There are a plethora of coaches who support women to learn to connect to their appetite and satiation and as a coach who has worked with many women all over the world, I do feel mindful eating can certainly be a powerful tool in helping women to connect with food with more self awareness and presence….which is especially important, I believe, for those clients who tell me they ate a whole box of cookies and have ‘no’ idea where they all went.
However, I don’t feel mindful eating is the answer to the whole picture….And here’s why:
1. Mindful eating misses the emotional hunger:
I’ve seen a lot of coaches flaunt this idea that you should really only eat when you’re hungry, which I agree with but only in part.
I believe it’s those people who just see hunger as physical and only look out for these signs are missing a huge part of what it is to be a normal eater.
Eating to feel emotionally satisfied and well is a very significant part of the eating experience and I believe the people who miss this part end up being the people who when they eat a cupcake even though they aren’t hungry feel like a failure/ fat pig/ unloveable etc. More on this here.
The way mindful eating is taught involves tuning into your physical hunger ‘signals’. If you’re hungry- eat, if not- wait.
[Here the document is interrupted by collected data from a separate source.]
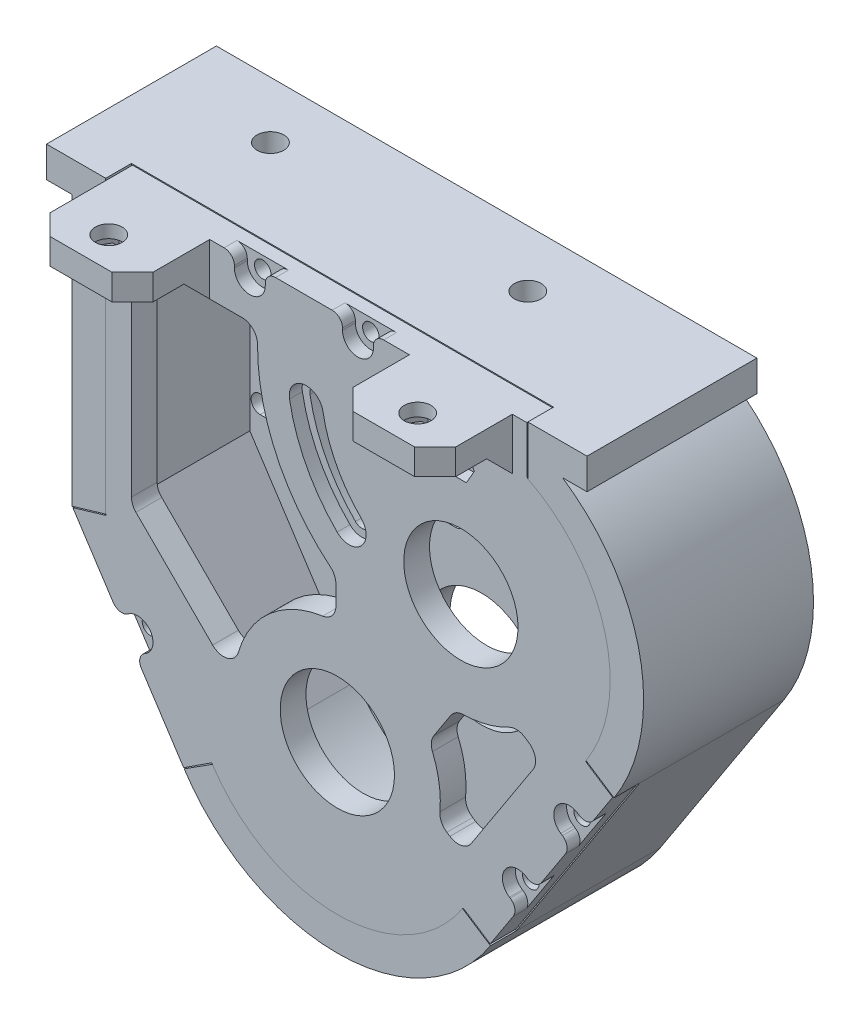
from build123d import *

# Parameters (mm, degrees)
SKETCH1_R           = 11.1
BOSS_EXTRUDE1_DEPTH = 5
BOSS_EXTRUDE2_DEPTH = 28
SKETCH4_W           = 105
SKETCH4_H           = 28
BOSS_EXTRUDE3_DEPTH = 6
BOSS_EXTRUDE4_DEPTH = 5
BOSS_EXTRUDE6_DEPTH = 5
CUT_EXTRUDE1_START  = -5
SKETCH7_R           = 11.1
CUT_EXTRUDE1_DEPTH  = 5
SKETCH8_R           = 1.85
CUT_EXTRUDE2_DEPTH  = 2.5
SKETCH8_2_R         = 1.85
CUT_EXTRUDE3_DEPTH  = 5
CUT_EXTRUDE4_DEPTH  = 5
CUT_EXTRUDE5_DEPTH  = 2.5
SKETCH11_W          = 20
SKETCH11_H          = 5
BOSS_EXTRUDE7_DEPTH = 15
CUT_EXTRUDE6_DEPTH  = 2.5
SKETCH12_3_R        = 1.6
CUT_EXTRUDE7_DEPTH  = 5
CUT_EXTRUDE8_DEPTH  = 5
SKETCH16_R          = 2.6
CUT_EXTRUDE9_DEPTH  = 2.5
SKETCH16_2_R        = 2.6
CUT_EXTRUDE10_DEPTH = 140.834848804
SKETCH17_R          = 2.6
CUT_EXTRUDE11_DEPTH = 2.5
SKETCH17_3_R        = 2.6
CUT_EXTRUDE12_DEPTH = 141.78017688
SKETCH18_R          = 1.5
CUT_EXTRUDE13_DEPTH = 8
CHAMFER1_SIZE       = 4
CHAMFER2_SIZE       = 5
FILLET3_R           = 3
FILLET4_R           = 3
FILLET5_R           = 2


with BuildPart() as part:
    # Sketch1 → Boss-Extrude1 (new body)
    with BuildSketch(Plane.XY):
        with BuildLine():
            Line((-21, -21), (-0.282868992, -52.731955723))
            ThreePointArc((-0.282868992, -52.731955723), (24.021245285, -65.878170047), (48.306071751, -52.696359647))
            Line((48.306071751, -52.696359647), (72.306071751, -15.818181818))
            ThreePointArc((72.306071751, -15.818181818), (73.492423117, 13.825207544), (48, 29))
            Line((48, 29), (-21, 29))
            Line((-21, 29), (-21, -21))
        make_face()
        with BuildLine():
            ThreePointArc((-19, -17.25), (-20.75, -15.5), (-19, -13.75))
            Line((-19, -13.75), (-12, -13.75))
            ThreePointArc((-12, -13.75), (-10.25, -15.5), (-12, -17.25))
            Line((-12, -17.25), (-19, -17.25))
        make_face(mode=Mode.SUBTRACT)
        with BuildLine():
            ThreePointArc((-3.5, -11.1), (-14.6, 0), (-3.5, 11.1))
            Line((-3.5, 11.1), (3.5, 11.1))
            ThreePointArc((3.5, 11.1), (14.6, 0), (3.5, -11.1))
            Line((3.5, -11.1), (-3.5, -11.1))
        make_face(mode=Mode.SUBTRACT)
        with BuildLine():
            ThreePointArc((-19, 13.75), (-20.75, 15.5), (-19, 17.25))
            Line((-19, 17.25), (-12, 17.25))
            ThreePointArc((-12, 17.25), (-10.25, 15.5), (-12, 13.75))
            Line((-12, 13.75), (-19, 13.75))
        make_face(mode=Mode.SUBTRACT)
        with BuildLine():
            ThreePointArc((12, 13.75), (10.25, 15.5), (12, 17.25))
            Line((12, 17.25), (19, 17.25))
            ThreePointArc((19, 17.25), (20.75, 15.5), (19, 13.75))
            Line((19, 13.75), (12, 13.75))
        make_face(mode=Mode.SUBTRACT)
        with BuildLine():
            Line((12, -13.75), (19, -13.75))
            ThreePointArc((19, -13.75), (20.75, -15.5), (19, -17.25))
            Line((19, -17.25), (12, -17.25))
            ThreePointArc((12, -17.25), (10.25, -15.5), (12, -13.75))
        make_face(mode=Mode.SUBTRACT)
        with Locations((24, -36.878177829)):
            Circle(SKETCH1_R, mode=Mode.SUBTRACT)
        with Locations((48, 0)):
            Circle(SKETCH1_R, mode=Mode.SUBTRACT)
    extrude(amount=BOSS_EXTRUDE1_DEPTH)

    # Sketch3 → Boss-Extrude2 (add)
    with BuildSketch(Plane(origin=(0, 0, 0), x_dir=(-1, 0, 0), z_dir=(0, 0, -1))):
        with BuildLine():
            Line((27.5, -22.934009153), (27.5, 35.5))
            Line((27.5, 35.5), (-48, 35.5))
            ThreePointArc((-48, 35.5), (-79.206242091, 16.923960959), (-77.753984385, -19.363636364))
            Line((-77.753984385, -19.363636364), (-53.753984385, -56.241814193))
            ThreePointArc((-53.753984385, -56.241814193), (-24.02600716, -72.378168303), (5.725581008, -56.285388699))
            Line((5.725581008, -56.285388699), (27.5, -22.934009153))
        make_face()
        with BuildLine():
            Line((21, -21), (21, 29))
            Line((21, 29), (-48, 29))
            ThreePointArc((-48, 29), (-73.492423117, 13.825207544), (-72.306071751, -15.818181818))
            Line((-72.306071751, -15.818181818), (-48.306071751, -52.696359647))
            ThreePointArc((-48.306071751, -52.696359647), (-24.021245285, -65.878170047), (0.282868992, -52.731955723))
            Line((0.282868992, -52.731955723), (21, -21))
        make_face(mode=Mode.SUBTRACT)
    extrude(amount=-BOSS_EXTRUDE2_DEPTH)

    # Sketch4 → Boss-Extrude3 (add)
    with BuildSketch(Plane(origin=(0, 35.5, 0), x_dir=(1, 0, 0), z_dir=(0, 1, 0))):
        with Locations((20, -14)):
            Rectangle(SKETCH4_W, SKETCH4_H)
    extrude(amount=-BOSS_EXTRUDE3_DEPTH)

    # Sketch5 → Boss-Extrude4 (add)
    with BuildSketch(Plane.XY.offset(28)):
        Polygon((-21, -21), (-21, 35.5), (-32.5, 35.5), (-32.5, 29.5), (-27.5, 29.5), (-27.5, -22.934009153), align=None)
        with BuildLine():
            ThreePointArc((77.753984385, -19.363636364), (82.778379659, 7.121397919), (67.748417658, 29.5))
            Line((67.748417658, 29.5), (72.5, 29.5))
            Line((72.5, 29.5), (72.5, 35.5))
            Line((72.5, 35.5), (61, 35.5))
            Line((61, 35.5), (61, 25.922962794))
            ThreePointArc((61, 25.922962794), (75.991365378, 7.581785031), (72.306071751, -15.818181818))
            Line((72.306071751, -15.818181818), (77.753984385, -19.363636364))
        make_face()
        with BuildLine():
            ThreePointArc((48.306071751, -52.696359647), (24.021245285, -65.878170047), (-0.282868992, -52.731955723))
            Line((-0.282868992, -52.731955723), (-5.753984385, -56.241814193))
            ThreePointArc((-5.753984385, -56.241814193), (24, -72.378177829), (53.753984385, -56.241814193))
            Line((53.753984385, -56.241814193), (48.306071751, -52.696359647))
        make_face()
    extrude(amount=BOSS_EXTRUDE4_DEPTH)

    # Sketch16 → Cut-Extrude9 (cut)
    # profile 1 of 2: a face of its own
    with BuildSketch(Plane.XZ.offset(-29)):
        Polygon((44.542562584, 11), (41.771281292, 15.8), (36.228718708, 15.8), (33.457437416, 11), (36.228718708, 6.2), (41.771281292, 6.2), align=None)
        with Locations((39, 11)):
            Circle(SKETCH16_R, mode=Mode.SUBTRACT)
    # profile 2 of 2: a face of its own
    with BuildSketch(Plane.XZ.offset(-29)):
        Polygon((-5.457437416, 11), (-8.228718708, 15.8), (-13.771281292, 15.8), (-16.542562584, 11), (-13.771281292, 6.2), (-8.228718708, 6.2), align=None)
        with Locations((-11, 11)):
            Circle(SKETCH16_R, mode=Mode.SUBTRACT)
    extrude(amount=-CUT_EXTRUDE9_DEPTH, mode=Mode.SUBTRACT)

    # Sketch16<2> → Cut-Extrude10 (cut, through all)
    with BuildSketch(Plane.XZ.offset(-29)):
        with Locations((-11, 11)):
            Circle(SKETCH16_2_R)
        with Locations((39, 11)):
            Circle(SKETCH16_2_R)
    extrude(amount=-CUT_EXTRUDE10_DEPTH, mode=Mode.SUBTRACT)

    # Sketch18 → Cut-Extrude13 (cut)
    with BuildSketch(Plane.XY.offset(28)):
        with Locations((69.045110685, -28)):
            Circle(SKETCH18_R)
        with Locations((59.068149044, -43.697173565)):
            Circle(SKETCH18_R)
        with Locations((28, 32.91148487)):
            Circle(SKETCH18_R)
        with Locations((7, 32.91148487)):
            Circle(SKETCH18_R)
        with Locations((-14.811227042, -38)):
            Circle(SKETCH18_R)
    extrude(amount=-CUT_EXTRUDE13_DEPTH, mode=Mode.SUBTRACT)


with BuildPart() as body_2:
    # Sketch6 → Boss-Extrude6 (new body)
    with BuildSketch(Plane.XY.offset(33)):
        with BuildLine():
            ThreePointArc((72.306071751, -15.818181818), (73.492423117, 13.825207544), (48, 29))
            Line((48, 29), (-21, 29))
            Line((-21, 29), (-21, -21))
            Line((-21, -21), (-0.282868992, -52.731955723))
            ThreePointArc((-0.282868992, -52.731955723), (24.021245285, -65.878170047), (48.306071751, -52.696359647))
            Line((48.306071751, -52.696359647), (72.306071751, -15.818181818))
        make_face()
        Polygon((-5.849135049, -56.0961438), (-0.406423034, -52.542710823), (-20.885926448, -21.17472385), (-27.385926448, -23.108733003), align=None)
        Polygon((53.695447213, -55.965095203), (77.477265395, -19.422173536), (72.364608923, -16.094900808), (48.582790741, -52.637822475), align=None)
        Polygon((48.306071751, -52.696359647), (72.306071751, -15.818181818), (72.364608923, -16.094900808), (48.582790741, -52.637822475), align=None)
        with BuildLine():
            ThreePointArc((48, 29), (54.679598752, 28.220257981), (61, 25.922962794))
            Line((61, 25.922962794), (60.8, 26.244999524))
            ThreePointArc((60.8, 26.244999524), (54.568333651, 28.451660638), (48, 29.2))
            Line((48, 29.2), (-20.8, 29.2))
            Line((-20.8, 29.2), (-21, 29))
            Line((-21, 29), (48, 29))
        make_face()
        with BuildLine():
            ThreePointArc((60.8, 26.244999524), (54.568333651, 28.451660638), (48, 29.2))
            Line((48, 29.2), (-20.8, 29.2))
            Line((-20.8, 29.2), (-20.8, 35.3))
            Line((-20.8, 35.3), (60.8, 35.3))
            Line((60.8, 35.3), (60.8, 26.244999524))
        make_face()
    extrude(amount=-BOSS_EXTRUDE6_DEPTH)

    # Sketch7 → Cut-Extrude1 (cut)
    with BuildSketch(Plane.XY.offset(33).offset(CUT_EXTRUDE1_START)):
        with Locations((24, -36.878177829)):
            Circle(SKETCH7_R)
        with Locations((48, 0)):
            Circle(SKETCH7_R)
    extrude(amount=CUT_EXTRUDE1_DEPTH, mode=Mode.SUBTRACT)

    # Sketch8 → Cut-Extrude2 (cut)
    with BuildSketch(Plane.XY.offset(33)):
        Polygon((50.617691454, 22), (49.058845727, 24.7), (45.941154273, 24.7), (44.382308546, 22), (45.941154273, 19.3), (49.058845727, 19.3), align=None)
        with Locations((47.5, 22)):
            Circle(SKETCH8_R, mode=Mode.SUBTRACT)
    extrude(amount=-CUT_EXTRUDE2_DEPTH, mode=Mode.SUBTRACT)

    # Sketch8<2> → Cut-Extrude3 (cut)
    with BuildSketch(Plane.XY.offset(33)):
        with Locations((47.5, 22)):
            Circle(SKETCH8_2_R)
    extrude(amount=-CUT_EXTRUDE3_DEPTH, mode=Mode.SUBTRACT)

    # Sketch9 → Cut-Extrude4 (cut)
    with BuildSketch(Plane.XY.offset(33)):
        with BuildLine():
            ThreePointArc((16.183113454, 16.47798795), (19.293055505, 7.316394099), (25.014004358, -0.485995642))
            ThreePointArc((25.014004358, -0.485995642), (27.559588771, -0.485995642), (27.559588771, 2.059588771))
            ThreePointArc((27.559588771, 2.059588771), (22.486294504, 8.978689107), (19.728421365, 17.10312139))
            ThreePointArc((19.728421365, 17.10312139), (17.64320069, 18.563208625), (16.183113454, 16.47798795))
        make_face()
    extrude(amount=-CUT_EXTRUDE4_DEPTH, mode=Mode.SUBTRACT)

    # Sketch10 → Cut-Extrude5 (cut)
    with BuildSketch(Plane.XY.offset(33)):
        with BuildLine():
            ThreePointArc((21.205632995, 17.363593656), (17.382728423, 20.040420255), (14.705901825, 16.217515684))
            ThreePointArc((14.705901825, 16.217515684), (17.962539255, 6.623771179), (23.953344186, -1.546655814))
            ThreePointArc((23.953344186, -1.546655814), (28.620248942, -1.546655814), (28.620248942, 3.120248942))
            ThreePointArc((28.620248942, 3.120248942), (23.816810754, 9.671312027), (21.205632995, 17.363593656))
        make_face()
    extrude(amount=-CUT_EXTRUDE5_DEPTH, mode=Mode.SUBTRACT)

    # Sketch11 → Boss-Extrude7 (add)
    with BuildSketch(Plane.XY.offset(33)):
        with Locations((-10.8, 32.8)):
            Rectangle(SKETCH11_W, SKETCH11_H)
        with Locations((48, 32.8)):
            Rectangle(SKETCH11_W, SKETCH11_H)
    extrude(amount=BOSS_EXTRUDE7_DEPTH)

    # Sketch12 → Cut-Extrude6 (cut)
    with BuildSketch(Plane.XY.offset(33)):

But what happens when you just want to eat because? I feel there’s this underlying “don’t-eat-emotionally-diet,” where women are taught that unless you’re physically hungry, you shouldn’t be eating.
I’ve written before about how I don’t feel emotionally eating is all that bad- which you can check out here. But I want to be clear here and mention again that those people who ignore the emotional satisfaction and connection with food are the ones who end up at some point diving head first into the brownies and cake….think about that one.
2. Mindful eating misses the body image piece:
I say this time and time again but a significant number of reasons why women end up feleing out of control around food is due to some body image issue.
I’m yet to work with a client who hasn’t initially told me something along the lines of “I watch my diet because I don’t want to put on weight”. It’s the weight stigma that I truly believe we have to address if changes around food are going to occur. In other words: When you can separate weight from self worth you’ll be able to eat in a completely different way.
3. Mindful eating doesn’t acknowledge that food is not your true focus:
I’d be missing an even bigger piece of the puzzle if I didn’t mention that food is not your purpose. Food is not what your life is calling out to you to become ‘aware’ of. Food isn’t what you really need to be questioning, being hypervigilant about.
I truly believe that your ‘hunger’ will subside when you start taking better care of yourself, when you develop self compassion and self acceptance. Without sounding fluffy and woo woo, when you’re able to fill the need that you’re hoping food will fill.
In summary, while I do feel mindful eating is helpful, it’s not the whole piece of the puzzle. I generally work with mindful eating principles in combination with doing the body image and self worth work.
Because truth be told I don’t actually care what you put in your mouth. I care about how you feel about what you put in your mouth. This is the big difference between a normal eater and someone who has issues with food.
If you need one last ‘nail in the coffin here’ there’s a lot of research that informs us that those people who blame, shame and judge food eat way more than the person who is calm, non judgemental and content with their food choices.
So let me remind you that it’s okay to eat a cupcake for no other reason than that you want one. You don’t need to dig deep and question and ponder- am I hungry or not? Is this trying to fix something?